Large-scale educational assessments, like any psychometric measurement, will always be surrounded by uncertainty and practical constraints. As a consequence, assessments should be designed and carried out very carefully, and choices and decisions that were made and how these may affect the validity, reliability, or generalizability of the results should be discussed explicitly. In our view, the national assessments of primary education in the Netherlands as carried out by CITO are unique in their kind: there are few other countries that have such a broad, long-term, large-scale assessment enterprise, trying to keep as many confounding variables under control given practical considerations. Of course, we do not mean to imply that there are no limitations. For one, as in all assessments, the results are necessarily restricted to what was measured and how it was measured. Therefore, it is good practice that reports are very clear on what was exactly done and why, so that everyone can evaluate the findings and its implications for him or herself. Another limitation is that assessments are surveys and therefore descriptive by nature. As a result, only correlational associations of explanatory variables with student learning outcomes can be established. Such relations may provide starting points for further experimental studies, in which hypotheses can be tested explicitly. Among other things, we suggest performing studies into effects of item format, item characteristics, and test instruction, preferably in an international comparative setting. Furthermore, it would be very important to try studying the entire chain of curricular materials, teacher interpretation, curricular enactment, and student learning (Stein et al., 2007).

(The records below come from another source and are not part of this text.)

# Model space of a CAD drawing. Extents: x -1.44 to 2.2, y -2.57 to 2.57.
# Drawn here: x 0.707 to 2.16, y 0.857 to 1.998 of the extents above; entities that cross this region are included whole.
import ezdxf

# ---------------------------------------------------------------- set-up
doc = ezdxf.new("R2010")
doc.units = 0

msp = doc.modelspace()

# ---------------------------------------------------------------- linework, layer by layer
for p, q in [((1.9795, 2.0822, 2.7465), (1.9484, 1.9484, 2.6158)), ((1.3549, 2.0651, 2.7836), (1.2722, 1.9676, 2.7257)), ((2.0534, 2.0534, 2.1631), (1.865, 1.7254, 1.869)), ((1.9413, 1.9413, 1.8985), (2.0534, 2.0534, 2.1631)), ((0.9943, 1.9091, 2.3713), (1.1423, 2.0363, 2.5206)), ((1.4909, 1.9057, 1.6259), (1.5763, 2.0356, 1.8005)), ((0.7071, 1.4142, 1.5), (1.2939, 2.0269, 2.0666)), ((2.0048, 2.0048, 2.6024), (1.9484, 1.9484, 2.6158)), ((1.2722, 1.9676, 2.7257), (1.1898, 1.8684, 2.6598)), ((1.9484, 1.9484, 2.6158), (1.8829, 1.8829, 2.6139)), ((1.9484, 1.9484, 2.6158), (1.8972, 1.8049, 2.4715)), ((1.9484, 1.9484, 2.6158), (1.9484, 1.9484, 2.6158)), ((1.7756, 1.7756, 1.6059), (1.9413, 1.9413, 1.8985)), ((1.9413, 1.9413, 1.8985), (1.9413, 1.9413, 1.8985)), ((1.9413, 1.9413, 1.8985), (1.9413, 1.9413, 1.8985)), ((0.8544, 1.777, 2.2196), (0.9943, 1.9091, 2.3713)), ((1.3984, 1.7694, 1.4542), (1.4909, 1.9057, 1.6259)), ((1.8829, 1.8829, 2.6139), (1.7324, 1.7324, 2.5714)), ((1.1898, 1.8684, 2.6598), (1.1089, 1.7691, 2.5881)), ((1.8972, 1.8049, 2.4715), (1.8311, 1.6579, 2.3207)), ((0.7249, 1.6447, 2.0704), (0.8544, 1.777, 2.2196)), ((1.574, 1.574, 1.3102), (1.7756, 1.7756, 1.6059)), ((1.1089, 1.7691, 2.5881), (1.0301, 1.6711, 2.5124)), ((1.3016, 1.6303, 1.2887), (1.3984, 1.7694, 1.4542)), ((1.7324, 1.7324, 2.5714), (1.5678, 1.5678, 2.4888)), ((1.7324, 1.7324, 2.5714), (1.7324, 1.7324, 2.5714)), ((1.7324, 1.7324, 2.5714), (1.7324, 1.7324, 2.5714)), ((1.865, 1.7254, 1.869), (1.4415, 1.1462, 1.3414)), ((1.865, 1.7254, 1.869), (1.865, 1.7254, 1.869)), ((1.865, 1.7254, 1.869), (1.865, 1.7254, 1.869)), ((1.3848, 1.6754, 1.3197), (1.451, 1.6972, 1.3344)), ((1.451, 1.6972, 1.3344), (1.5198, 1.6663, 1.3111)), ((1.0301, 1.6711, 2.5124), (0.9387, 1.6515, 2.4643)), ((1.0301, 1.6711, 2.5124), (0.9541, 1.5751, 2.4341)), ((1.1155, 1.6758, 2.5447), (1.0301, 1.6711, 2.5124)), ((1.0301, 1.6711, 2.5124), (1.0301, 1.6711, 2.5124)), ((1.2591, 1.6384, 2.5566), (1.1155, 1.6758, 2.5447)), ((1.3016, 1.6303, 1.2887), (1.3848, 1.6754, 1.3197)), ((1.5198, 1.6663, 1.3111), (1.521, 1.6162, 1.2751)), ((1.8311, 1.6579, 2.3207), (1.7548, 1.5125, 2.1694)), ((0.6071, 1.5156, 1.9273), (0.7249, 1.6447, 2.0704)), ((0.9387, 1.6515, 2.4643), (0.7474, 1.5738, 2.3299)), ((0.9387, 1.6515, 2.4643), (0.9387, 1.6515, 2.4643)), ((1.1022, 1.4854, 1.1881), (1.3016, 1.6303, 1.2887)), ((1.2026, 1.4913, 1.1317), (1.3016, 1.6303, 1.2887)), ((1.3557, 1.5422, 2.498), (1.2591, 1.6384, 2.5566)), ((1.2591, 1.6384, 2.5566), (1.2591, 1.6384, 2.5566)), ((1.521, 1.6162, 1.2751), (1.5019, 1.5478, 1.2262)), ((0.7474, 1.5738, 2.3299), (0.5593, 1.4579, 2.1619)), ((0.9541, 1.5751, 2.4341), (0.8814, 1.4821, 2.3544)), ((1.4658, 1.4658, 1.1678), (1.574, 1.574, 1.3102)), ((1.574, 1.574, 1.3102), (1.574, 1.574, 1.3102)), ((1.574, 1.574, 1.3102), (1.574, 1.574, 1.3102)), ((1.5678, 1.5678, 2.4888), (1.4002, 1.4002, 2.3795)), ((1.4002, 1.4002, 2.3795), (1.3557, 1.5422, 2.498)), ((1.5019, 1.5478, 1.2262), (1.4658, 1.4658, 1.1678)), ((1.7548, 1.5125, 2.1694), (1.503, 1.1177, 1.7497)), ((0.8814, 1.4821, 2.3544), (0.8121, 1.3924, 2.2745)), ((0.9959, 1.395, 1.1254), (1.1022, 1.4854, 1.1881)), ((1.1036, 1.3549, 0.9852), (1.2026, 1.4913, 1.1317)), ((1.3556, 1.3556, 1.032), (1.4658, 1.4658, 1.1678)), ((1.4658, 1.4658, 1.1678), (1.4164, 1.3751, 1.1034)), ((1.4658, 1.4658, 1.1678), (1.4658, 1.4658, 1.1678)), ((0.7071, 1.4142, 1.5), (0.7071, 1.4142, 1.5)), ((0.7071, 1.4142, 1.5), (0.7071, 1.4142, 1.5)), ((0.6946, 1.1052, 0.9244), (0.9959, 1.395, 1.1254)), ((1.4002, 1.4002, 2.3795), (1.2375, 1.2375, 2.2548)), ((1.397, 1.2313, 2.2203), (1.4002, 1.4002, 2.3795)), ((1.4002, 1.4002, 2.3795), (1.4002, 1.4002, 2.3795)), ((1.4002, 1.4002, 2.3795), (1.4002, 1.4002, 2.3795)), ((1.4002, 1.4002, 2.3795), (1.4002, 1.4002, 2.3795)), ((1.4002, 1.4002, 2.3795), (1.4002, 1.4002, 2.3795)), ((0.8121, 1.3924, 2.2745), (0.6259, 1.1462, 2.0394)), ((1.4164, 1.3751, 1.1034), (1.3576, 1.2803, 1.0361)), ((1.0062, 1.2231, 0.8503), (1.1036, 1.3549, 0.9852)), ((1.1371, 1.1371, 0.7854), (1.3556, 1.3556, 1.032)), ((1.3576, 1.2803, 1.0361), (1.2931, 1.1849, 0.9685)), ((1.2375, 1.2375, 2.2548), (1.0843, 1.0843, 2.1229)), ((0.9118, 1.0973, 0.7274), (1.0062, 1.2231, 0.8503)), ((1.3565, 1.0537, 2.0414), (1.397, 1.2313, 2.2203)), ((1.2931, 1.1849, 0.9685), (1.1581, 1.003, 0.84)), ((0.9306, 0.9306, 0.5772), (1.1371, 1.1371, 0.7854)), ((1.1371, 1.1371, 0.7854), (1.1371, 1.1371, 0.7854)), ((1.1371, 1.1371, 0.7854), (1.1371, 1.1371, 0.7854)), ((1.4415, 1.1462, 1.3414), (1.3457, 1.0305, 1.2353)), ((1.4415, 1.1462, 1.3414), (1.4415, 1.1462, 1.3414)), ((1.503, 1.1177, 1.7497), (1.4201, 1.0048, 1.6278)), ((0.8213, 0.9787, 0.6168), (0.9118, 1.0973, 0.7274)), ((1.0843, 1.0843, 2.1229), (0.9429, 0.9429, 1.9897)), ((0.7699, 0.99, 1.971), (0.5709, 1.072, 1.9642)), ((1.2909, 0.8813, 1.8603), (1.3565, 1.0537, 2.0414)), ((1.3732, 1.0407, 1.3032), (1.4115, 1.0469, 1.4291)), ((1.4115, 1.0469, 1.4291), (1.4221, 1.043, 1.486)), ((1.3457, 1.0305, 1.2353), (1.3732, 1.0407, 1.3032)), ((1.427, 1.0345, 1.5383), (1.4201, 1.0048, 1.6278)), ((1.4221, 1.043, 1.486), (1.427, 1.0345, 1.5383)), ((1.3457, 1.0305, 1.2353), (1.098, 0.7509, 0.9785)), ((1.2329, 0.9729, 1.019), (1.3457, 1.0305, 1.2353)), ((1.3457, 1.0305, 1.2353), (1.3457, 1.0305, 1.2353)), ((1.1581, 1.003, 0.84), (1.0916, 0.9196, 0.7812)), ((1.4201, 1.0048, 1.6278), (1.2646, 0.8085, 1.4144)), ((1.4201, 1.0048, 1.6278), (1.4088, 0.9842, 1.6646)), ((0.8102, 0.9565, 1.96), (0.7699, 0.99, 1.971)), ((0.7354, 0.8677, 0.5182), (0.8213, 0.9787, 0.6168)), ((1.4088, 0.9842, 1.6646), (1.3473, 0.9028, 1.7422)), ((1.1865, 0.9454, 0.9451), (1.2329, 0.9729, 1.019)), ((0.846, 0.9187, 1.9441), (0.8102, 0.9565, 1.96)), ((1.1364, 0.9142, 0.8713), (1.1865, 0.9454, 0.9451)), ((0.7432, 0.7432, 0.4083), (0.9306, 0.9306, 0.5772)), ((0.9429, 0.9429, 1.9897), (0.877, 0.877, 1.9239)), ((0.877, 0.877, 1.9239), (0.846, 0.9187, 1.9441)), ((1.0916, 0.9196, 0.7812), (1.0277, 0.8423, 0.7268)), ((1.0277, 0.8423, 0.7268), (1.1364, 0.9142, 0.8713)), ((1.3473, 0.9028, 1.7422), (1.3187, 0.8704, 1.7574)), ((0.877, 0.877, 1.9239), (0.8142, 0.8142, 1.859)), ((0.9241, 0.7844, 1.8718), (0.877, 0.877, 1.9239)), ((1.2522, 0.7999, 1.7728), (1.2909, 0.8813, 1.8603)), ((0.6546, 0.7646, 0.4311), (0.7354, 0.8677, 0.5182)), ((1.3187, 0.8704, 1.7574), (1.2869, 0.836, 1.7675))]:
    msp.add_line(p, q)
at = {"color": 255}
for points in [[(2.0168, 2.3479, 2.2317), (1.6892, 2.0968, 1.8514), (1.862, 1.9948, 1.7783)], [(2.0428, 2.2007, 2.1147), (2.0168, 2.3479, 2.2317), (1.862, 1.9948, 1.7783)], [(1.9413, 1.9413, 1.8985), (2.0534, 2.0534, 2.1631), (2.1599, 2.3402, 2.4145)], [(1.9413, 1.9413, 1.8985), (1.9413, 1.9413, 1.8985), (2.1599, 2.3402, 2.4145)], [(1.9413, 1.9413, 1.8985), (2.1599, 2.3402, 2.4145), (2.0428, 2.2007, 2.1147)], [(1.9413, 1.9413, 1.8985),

However, even given their limitations, these national assessment results are valuable and should be taken seriously by teachers and teacher’s educators, by the government, and by mathematics educators and researchers. We argue that Van den Heuvel-Panhuizen et al. (2009) have been very keen in listing all sorts of potential threats to the validity of the findings. However, we showed that the concerns raised on the construct validity are based on an incorrect restriction of the definition of the topic at stake, while the concerns about assessment factors were mostly based on unsuitable comparisons and, therefore, unlikely to have affected trend results. Moreover, we think that such an open-minded and observant point of view is lacking in their reception of the outcomes of the assessments as well as in their discussion of the implications for mathematics education.

We cannot escape the conclusion that something is going on in Dutch mathematics achievement. Many things go well: national results of PPON showed improvements on some aspects of mathematics, and the international comparative studies TIMMS (Meelissen & Drent, 2008; Mullis et al., 2008) and PISA (De Knecht-Van Eekelen, Gille, & Van Rijn, 2007) consistently showed that Dutch students perform at the top level internationally. On the downside, however, TIMMS 2007 and PISA 2006 each reported a significant negative trend over time for Dutch mathematics performance. In addition, national assessments consistently reported that on many aspects of mathematics the educational standards were not reached, and also that on some aspects performance decreased considerably. Our study gives some important insights into one aspect that is not going well: solving complex division problems for which the use of scrap paper is allowed. It showed that the decline in achievement is related to a shift in strategy use as well as to an autonomous performance decline within each strategy. Although these findings can only be the starting point of a comprehensive evaluation of assessment results, they are important for those involved in mathematics education. Further research into what caused this and other negative trends is crucial for improving mathematics education.